**The problem:** Given the entries that follow, write out exactly the lines starting at the one containing "FILE_NAME('part.step','',(''),(''),'','','');" and ending at the one containing "#1=APPLICATION_CONTEXT('core data for", both ends included, and only those.

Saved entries

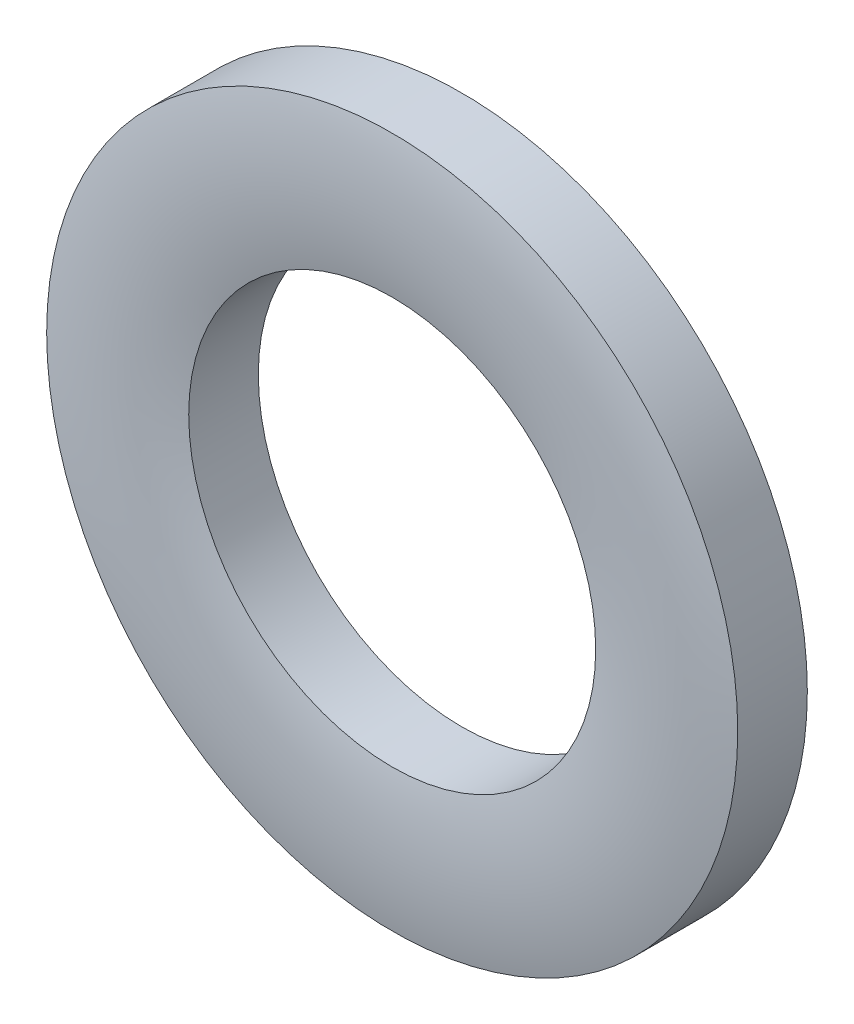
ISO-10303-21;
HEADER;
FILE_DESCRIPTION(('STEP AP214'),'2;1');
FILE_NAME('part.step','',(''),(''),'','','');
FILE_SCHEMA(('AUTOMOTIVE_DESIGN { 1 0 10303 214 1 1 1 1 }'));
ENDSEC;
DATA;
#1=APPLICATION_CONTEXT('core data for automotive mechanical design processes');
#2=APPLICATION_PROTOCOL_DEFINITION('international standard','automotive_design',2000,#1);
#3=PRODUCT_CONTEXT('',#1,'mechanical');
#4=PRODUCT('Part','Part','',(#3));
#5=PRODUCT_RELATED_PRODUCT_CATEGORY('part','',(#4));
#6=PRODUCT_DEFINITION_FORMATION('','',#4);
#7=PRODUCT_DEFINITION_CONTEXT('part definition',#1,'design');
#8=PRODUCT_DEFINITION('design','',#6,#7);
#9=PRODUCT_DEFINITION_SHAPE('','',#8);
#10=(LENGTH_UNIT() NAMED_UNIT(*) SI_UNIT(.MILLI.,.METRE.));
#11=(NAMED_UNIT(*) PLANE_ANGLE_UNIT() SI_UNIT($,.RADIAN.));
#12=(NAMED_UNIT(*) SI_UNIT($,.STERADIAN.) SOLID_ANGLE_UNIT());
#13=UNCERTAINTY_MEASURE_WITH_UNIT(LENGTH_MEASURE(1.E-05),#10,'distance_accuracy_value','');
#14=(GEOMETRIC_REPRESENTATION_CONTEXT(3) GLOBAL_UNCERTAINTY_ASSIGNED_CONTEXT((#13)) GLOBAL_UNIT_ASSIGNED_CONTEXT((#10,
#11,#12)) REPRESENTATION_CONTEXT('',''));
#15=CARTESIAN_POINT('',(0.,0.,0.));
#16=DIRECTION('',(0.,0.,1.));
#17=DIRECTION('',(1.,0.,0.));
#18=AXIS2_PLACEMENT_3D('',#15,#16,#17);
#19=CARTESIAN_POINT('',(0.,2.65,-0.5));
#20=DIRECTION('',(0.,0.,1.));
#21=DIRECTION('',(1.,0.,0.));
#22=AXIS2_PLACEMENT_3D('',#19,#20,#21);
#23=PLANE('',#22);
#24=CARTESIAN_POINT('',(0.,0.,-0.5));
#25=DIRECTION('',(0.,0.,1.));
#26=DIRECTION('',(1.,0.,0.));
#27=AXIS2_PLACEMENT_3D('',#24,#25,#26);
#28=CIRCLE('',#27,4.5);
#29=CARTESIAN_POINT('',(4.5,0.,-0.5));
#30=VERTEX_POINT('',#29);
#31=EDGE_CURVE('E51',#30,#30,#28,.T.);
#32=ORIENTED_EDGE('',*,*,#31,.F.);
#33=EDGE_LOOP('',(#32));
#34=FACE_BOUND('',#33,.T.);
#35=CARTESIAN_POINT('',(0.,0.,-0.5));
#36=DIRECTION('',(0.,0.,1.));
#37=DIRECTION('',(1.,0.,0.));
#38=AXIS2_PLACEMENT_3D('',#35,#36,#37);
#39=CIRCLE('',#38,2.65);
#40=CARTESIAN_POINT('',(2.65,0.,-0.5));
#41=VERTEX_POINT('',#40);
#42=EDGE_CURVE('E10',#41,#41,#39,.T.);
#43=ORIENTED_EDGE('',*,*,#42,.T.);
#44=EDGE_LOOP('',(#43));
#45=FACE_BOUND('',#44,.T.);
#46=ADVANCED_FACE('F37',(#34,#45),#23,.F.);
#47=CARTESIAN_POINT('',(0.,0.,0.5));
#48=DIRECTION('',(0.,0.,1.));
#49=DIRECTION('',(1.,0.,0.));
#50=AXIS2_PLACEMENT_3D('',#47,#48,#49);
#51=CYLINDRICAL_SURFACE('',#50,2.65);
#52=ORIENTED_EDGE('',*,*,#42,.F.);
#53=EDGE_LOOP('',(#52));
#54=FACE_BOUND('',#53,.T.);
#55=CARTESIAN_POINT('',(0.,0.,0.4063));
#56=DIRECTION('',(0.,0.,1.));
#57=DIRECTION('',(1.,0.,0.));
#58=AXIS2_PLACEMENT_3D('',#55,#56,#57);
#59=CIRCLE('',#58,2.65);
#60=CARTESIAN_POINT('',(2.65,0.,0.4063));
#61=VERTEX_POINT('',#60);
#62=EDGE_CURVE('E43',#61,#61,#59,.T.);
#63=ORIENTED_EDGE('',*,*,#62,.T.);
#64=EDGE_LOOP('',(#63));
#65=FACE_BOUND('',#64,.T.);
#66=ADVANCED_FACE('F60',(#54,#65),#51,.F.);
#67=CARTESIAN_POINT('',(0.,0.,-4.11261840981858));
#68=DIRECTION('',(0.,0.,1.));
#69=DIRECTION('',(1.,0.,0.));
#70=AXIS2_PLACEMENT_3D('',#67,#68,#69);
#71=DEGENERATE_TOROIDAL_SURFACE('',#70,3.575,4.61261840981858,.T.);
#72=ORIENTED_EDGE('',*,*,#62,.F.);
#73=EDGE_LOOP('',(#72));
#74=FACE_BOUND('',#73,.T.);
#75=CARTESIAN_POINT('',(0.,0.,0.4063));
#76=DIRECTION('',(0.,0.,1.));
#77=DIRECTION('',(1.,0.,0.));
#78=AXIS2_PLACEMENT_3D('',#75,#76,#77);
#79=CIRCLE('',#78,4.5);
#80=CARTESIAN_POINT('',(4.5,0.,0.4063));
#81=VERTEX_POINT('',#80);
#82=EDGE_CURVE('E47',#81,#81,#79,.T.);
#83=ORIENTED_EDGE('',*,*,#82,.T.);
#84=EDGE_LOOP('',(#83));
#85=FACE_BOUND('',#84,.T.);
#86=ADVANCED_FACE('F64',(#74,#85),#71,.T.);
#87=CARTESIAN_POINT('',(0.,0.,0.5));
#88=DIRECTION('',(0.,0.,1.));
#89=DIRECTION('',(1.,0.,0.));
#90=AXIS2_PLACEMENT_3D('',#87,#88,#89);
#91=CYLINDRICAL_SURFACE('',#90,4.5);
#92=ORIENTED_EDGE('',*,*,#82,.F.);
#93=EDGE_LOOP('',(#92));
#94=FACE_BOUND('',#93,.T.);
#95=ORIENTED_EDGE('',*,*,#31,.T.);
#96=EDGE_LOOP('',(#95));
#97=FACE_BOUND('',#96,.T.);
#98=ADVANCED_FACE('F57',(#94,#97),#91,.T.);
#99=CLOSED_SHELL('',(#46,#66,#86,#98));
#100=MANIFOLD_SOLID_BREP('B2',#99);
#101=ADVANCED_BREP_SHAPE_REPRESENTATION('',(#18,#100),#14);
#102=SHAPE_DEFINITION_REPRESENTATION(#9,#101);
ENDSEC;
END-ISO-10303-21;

**Solution:**
FILE_NAME('part.step','',(''),(''),'','','');
FILE_SCHEMA(('AUTOMOTIVE_DESIGN { 1 0 10303 214 1 1 1 1 }'));
ENDSEC;
DATA;
#1=APPLICATION_CONTEXT('core data for automotive mechanical design processes');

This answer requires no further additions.